Одно время я даже оказался за Новосибирском, где рядом со станцией «Обь» дислоцировался ЗАП Сибирского ВО, и где три месяца мы переучивались на новую технику, Дело было зимой, стояли 50-градусные морозы, а мы летали. Затем мне повезло: я из тыловой части попал в запасной авиационный полк ЮЗФ, где проходил подготовку на летчика-штурмовика Ил-2, а потом разобрались, узнали, что я был истребителем, и перевели в другой запасной полк, где я налетал еще 20 часов на «Яке» и ждал распределения.
Во второй половине 1943 года я, после долгого ожидания, наконец-то получил назначение на фронт и был зачислен в 73-й ГИАП (гвардейский истребительный авиационный полк).
- Что представлял из себя на тот момент 73-й ГИАП? Сколько боевых вылетов вы выполнили в этом полку?

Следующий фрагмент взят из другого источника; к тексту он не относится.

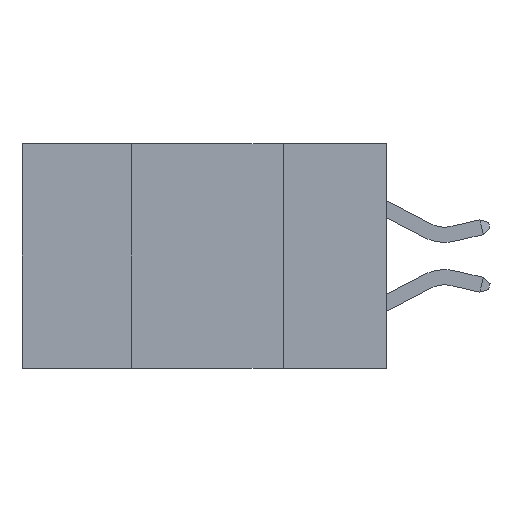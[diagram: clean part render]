
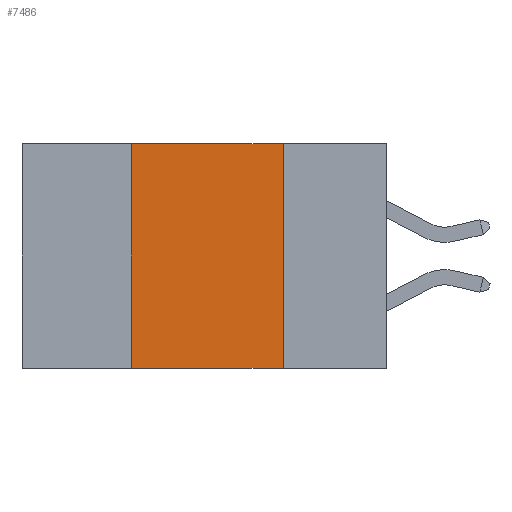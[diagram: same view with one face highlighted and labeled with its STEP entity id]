
A CAD part, left-side view. The second image highlights one B-rep face of the part: STEP entity #7486.
In plain terms, the highlighted planar face has unit normal (-1, 0, 0).
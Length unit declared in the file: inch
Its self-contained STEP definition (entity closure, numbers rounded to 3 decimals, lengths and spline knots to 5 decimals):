
#34 = AXIS2_PLACEMENT_3D ( 'NONE', #2733, #4457, #1130 ) ;
#300 = VERTEX_POINT ( 'NONE', #10426 ) ;
#311 = EDGE_CURVE ( 'NONE', #10496, #726, #2289, .T. ) ;
#726 = VERTEX_POINT ( 'NONE', #2851 ) ;
#1130 = DIRECTION ( 'NONE',  ( 0., 0., -1. ) ) ;
#2289 = LINE ( 'NONE', #9233, #6251 ) ;
#2668 = LINE ( 'NONE', #10606, #4404 ) ;
#2733 = CARTESIAN_POINT ( 'NONE',  ( 0., 0.6, 0. ) ) ;
#2851 = CARTESIAN_POINT ( 'NONE',  ( 0., 0.42, 0. ) ) ;
#3210 = LINE ( 'NONE', #9976, #5189 ) ;
#4401 = VERTEX_POINT ( 'NONE', #8324 ) ;
#4404 = VECTOR ( 'NONE', #8978, 39.37008 ) ;
#4457 = DIRECTION ( 'NONE',  ( 1., 0., 0. ) ) ;
#4914 = ORIENTED_EDGE ( 'NONE', *, *, #311, .F. ) ;
#5189 = VECTOR ( 'NONE', #10850, 39.37008 ) ;
#5350 = EDGE_CURVE ( 'NONE', #4401, #300, #8755, .T. ) ;
#5409 = FACE_OUTER_BOUND ( 'NONE', #6520, .T. ) ;
#5530 = EDGE_CURVE ( 'NONE', #10496, #300, #2668, .T. ) ;
#5929 = EDGE_CURVE ( 'NONE', #726, #4401, #3210, .T. ) ;
#6251 = VECTOR ( 'NONE', #7460, 39.37008 ) ;
#6520 = EDGE_LOOP ( 'NONE', ( #9428, #10636, #4914, #10404 ) ) ;
#6832 = DIRECTION ( 'NONE',  ( 0., 0., -1. ) ) ;
#6940 = CARTESIAN_POINT ( 'NONE',  ( 0., 0.17, 0. ) ) ;
#7460 = DIRECTION ( 'NONE',  ( 0., 0., 1. ) ) ;
#7486 = ADVANCED_FACE ( 'NONE', ( #5409 ), #7882, .F. ) ;
#7882 = PLANE ( 'NONE',  #34 ) ;
#8324 = CARTESIAN_POINT ( 'NONE',  ( 0., 0.17, 0. ) ) ;
#8755 = LINE ( 'NONE', #6940, #10715 ) ;
#8978 = DIRECTION ( 'NONE',  ( 0., -1., 0. ) ) ;
#9233 = CARTESIAN_POINT ( 'NONE',  ( 0., 0.42, 0. ) ) ;
#9428 = ORIENTED_EDGE ( 'NONE', *, *, #5350, .F. ) ;
#9976 = CARTESIAN_POINT ( 'NONE',  ( 0., 0.6, 0. ) ) ;
#10093 = CARTESIAN_POINT ( 'NONE',  ( 0., 0.42, -0.37 ) ) ;
#10404 = ORIENTED_EDGE ( 'NONE', *, *, #5530, .T. ) ;
#10426 = CARTESIAN_POINT ( 'NONE',  ( 0., 0.17, -0.37 ) ) ;
#10496 = VERTEX_POINT ( 'NONE', #10093 ) ;
#10606 = CARTESIAN_POINT ( 'NONE',  ( 0., 0.6, -0.37 ) ) ;
#10636 = ORIENTED_EDGE ( 'NONE', *, *, #5929, .F. ) ;
#10715 = VECTOR ( 'NONE', #6832, 39.37008 ) ;
#10850 = DIRECTION ( 'NONE',  ( 0., -1., 0. ) ) ;

- От полка после летних боев на Миусе фактически ничего не осталось, так, рожки да ножки, человек 5-7 старых летчиков, а остальные позже прибывали из ЗАПов и летных училищ. Полк был оснащен истребителями Як-1. Рассказывали, что в конце весны 1943 года один за другим погибли в воздушных боях два командира полка - Баранов и Голышев, опытные асы. Новым командиром нашего полка был подполковник Михайлюк, а комиссаром - майор Михайлин, и вскоре все руководство полка летчики называли одним словом – «Михайлюки». В нашем полку в эскадрильях было по 4 звена, 12-13 летчиков в каждой эскадрилье. На сопровождение штурмовиков обычно летали четверками, шестерками и девятками. Долгое время, до самого конца войны, я летал в паре с Семеном Горхивером, с ним вместе мы сделали примерно 90 боевых вылетов. Мы с ним стали настоящими друзьями.
Нашей эскадрильей командовал ГСС Чистяков. Всего до конца войны я выполнил 100 с лишним боевых вылетов, большинство из них было на сопровождение штурмовиков и пикировщиков Пе-2.
- Сколько сбитых самолетов имеете на своем личном боевом счету?
- В воздухе – пять сбитых самолетов лично и в группе, и еще четыре самолета, уничтоженных на земле, во время штурмовки аэродрома. Все самолеты, уничтоженные на земле, подтверждены съемкой фотокинопулеметов. 26 воздушных боев за войну.
- В мемуарах отмечается, что ваш 73-й ГИАП, начиная с 1944 года, почти все время использовался только на сопровождении штурмовиков и бомбардировщиков. Насколько это верно?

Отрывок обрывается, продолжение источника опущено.